- [Exercise brief]:
Starting at the line that has "line L2 (-10, 7.5) -> (-10, -7.5)" and stopping after the line that has "line L7 (10, -7.5) -> (13, -7.5)", reproduce the listing below exactly; omit everything else.
== Input data
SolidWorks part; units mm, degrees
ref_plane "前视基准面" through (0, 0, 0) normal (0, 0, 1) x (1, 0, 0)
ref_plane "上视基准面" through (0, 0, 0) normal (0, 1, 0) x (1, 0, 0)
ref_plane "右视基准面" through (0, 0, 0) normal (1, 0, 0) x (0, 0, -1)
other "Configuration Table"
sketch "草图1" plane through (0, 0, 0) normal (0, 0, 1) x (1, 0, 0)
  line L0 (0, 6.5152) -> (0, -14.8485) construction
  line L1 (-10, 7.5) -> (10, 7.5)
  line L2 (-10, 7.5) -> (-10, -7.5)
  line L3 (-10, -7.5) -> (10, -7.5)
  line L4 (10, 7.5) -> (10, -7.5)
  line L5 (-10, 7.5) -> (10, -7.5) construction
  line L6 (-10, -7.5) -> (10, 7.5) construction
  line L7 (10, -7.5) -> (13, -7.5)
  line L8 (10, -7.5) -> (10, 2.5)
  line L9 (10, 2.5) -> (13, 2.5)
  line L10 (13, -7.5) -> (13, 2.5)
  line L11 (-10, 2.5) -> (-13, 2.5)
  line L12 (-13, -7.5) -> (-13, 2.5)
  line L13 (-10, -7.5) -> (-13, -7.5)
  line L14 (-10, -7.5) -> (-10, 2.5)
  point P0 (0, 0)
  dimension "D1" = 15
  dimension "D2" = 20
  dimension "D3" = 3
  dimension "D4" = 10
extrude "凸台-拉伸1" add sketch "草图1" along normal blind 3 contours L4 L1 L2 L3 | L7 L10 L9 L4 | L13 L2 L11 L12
====
- [Your solution]:
  line L2 (-10, 7.5) -> (-10, -7.5)
  line L3 (-10, -7.5) -> (10, -7.5)
  line L4 (10, 7.5) -> (10, -7.5)
  line L5 (-10, 7.5) -> (10, -7.5) construction
  line L6 (-10, -7.5) -> (10, 7.5) construction
  line L7 (10, -7.5) -> (13, -7.5)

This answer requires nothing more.